Emsal Mahkeme Kararı İstanbul 14. Asliye Ticaret Mahkemesi 2019/53 E. 2020/114 K. 06.02.2020 T.

Görüntülediğiniz mahkeme kararı kesinleşmiş bir karardır.

T.C.
İSTANBUL
14. ASLİYE TİCARET MAHKEMESİ

ESAS NO : 2019/53
KARAR NO : 2020/114
DAVA : Şirketin İhyası
DAVA TARİHİ : 05/02/2019
KARAR TARİHİ : 06/02/2020

Mahkememizde görülmekte olan Şirketin İhyası davasının yapılan açık yargılaması sonunda,
GEREĞİ DÜŞÜNÜLDÜ:
Davacı vekili dava dilekçesinde özetle; müvekkilinin, … İş Mahkemesinin … Esas sayılı dosya ile Sosyal Güvenlik Kurumu Başkanlığı, …, … San.ve Tic.
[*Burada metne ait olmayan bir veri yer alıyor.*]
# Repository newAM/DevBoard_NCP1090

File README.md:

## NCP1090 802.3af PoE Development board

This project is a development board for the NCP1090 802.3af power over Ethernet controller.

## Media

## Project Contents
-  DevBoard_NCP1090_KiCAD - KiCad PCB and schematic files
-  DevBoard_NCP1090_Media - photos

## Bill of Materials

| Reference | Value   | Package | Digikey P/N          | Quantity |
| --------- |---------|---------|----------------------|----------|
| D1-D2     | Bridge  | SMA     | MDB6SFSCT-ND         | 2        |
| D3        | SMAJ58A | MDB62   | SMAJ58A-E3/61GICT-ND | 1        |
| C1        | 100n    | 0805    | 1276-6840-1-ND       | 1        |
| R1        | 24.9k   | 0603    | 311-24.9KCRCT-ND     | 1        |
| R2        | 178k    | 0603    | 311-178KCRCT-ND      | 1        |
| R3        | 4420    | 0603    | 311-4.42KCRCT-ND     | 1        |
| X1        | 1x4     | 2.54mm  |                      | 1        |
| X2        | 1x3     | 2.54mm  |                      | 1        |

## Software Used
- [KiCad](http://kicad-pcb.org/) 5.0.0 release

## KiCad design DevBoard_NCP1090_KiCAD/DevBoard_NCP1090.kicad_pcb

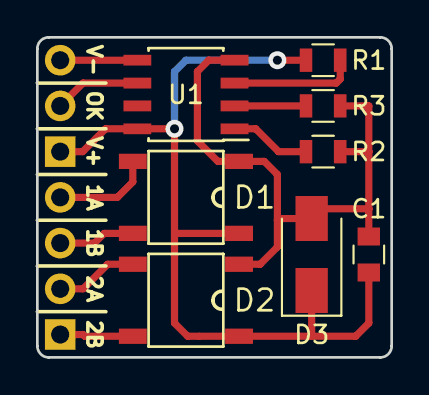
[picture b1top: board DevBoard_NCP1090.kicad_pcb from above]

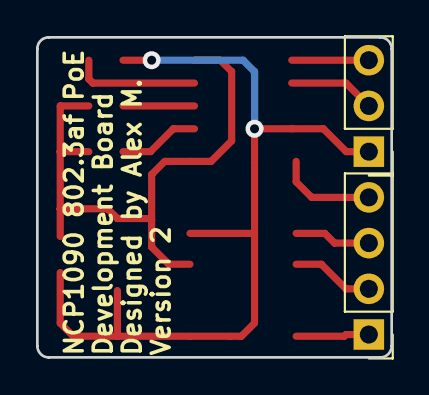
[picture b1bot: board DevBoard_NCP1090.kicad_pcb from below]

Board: 2 copper layers, 19.7 x 17.8 mm, 10 parts (2 on the bottom side), 11 nets.

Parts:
C1: 100n; C_0805
D1, D2: MDB6S; Micro-DIP-4
D3: SMAJ58A; D_SMA
R1: 24.9k; R_0805
R2: 178k; R_0805
R3: 4420; R_0805
U1: NCP1090; SOIC-8_3.9x4.9mm_Pitch1.27mm
X1: Conn_01x04; Pin_Header_Straight_1x04_Pitch2.54mm
X2: Conn_01x03; Pin_Header_Straight_1x03_Pitch2.54mm

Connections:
/BR1a: D1.3, X1.4
/BR1b: D1.4, X1.3
/BR2a: D2.3, X1.2
/BR2b: D2.4, X1.1
/N: C1.2, D1.2, D2.2, D3.2, R2.1, R3.1, U1.4
/P: C1.1, D1.1, D2.1, D3.1, R1.2, U1.8, X2.1
/PGOOD: U1.6, X2.2
/RTN: U1.5, X2.3
unnamed: R1.1, U1.3
unnamed: R2.2, U1.1
unnamed: R3.2, U1.2

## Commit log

2018-09-09 v1 commit
2018-09-09 v2 initial commit
2018-10-09 added media

Limited Şirketi ve … San. Ve Tic. Ltd. Şti. aleyhine hizmet tespiti davası açtığını, ancak … sicil numaralı, … Han K. … No. … /İSTANBUL adresinde bulunan … San. ve Tic. Limited Şirketinin 28/05/2012 tarihinde tasfiye edildiğini ve tasfiye memuru olarak davalılardan … …’nin görev yaptığı bilgisine ulaşıldığını, davalı şirketin, tasfiye sonucunda ticari ve hukuki faaliyetinin sona ermiş olması nedeniyle, … İş Mahkemesinin 11 Aralık 2018 tarihli ara kararı ile taraflarına ihya davası açmak için görev ve yetki verildiği, ihya davasında dava ehliyeti bakımından Yargıtay … Hukuk Dairesi, … Esas 2006/646 Karar numaralı ve 30 Ocak 2006 tarihli ilamında husumetin terkini yapan … ile şirketin son tasfiye memuruna yöneltilmesi gerektiğine karar verildiğini, bu nedenlerle, Tasfiye Halindeki … San. ve Tic. Limited Şirketinin ihyasıyla ticaret siciline yeniden yazılmasına karar verilmesini talep ve dava etmiştir.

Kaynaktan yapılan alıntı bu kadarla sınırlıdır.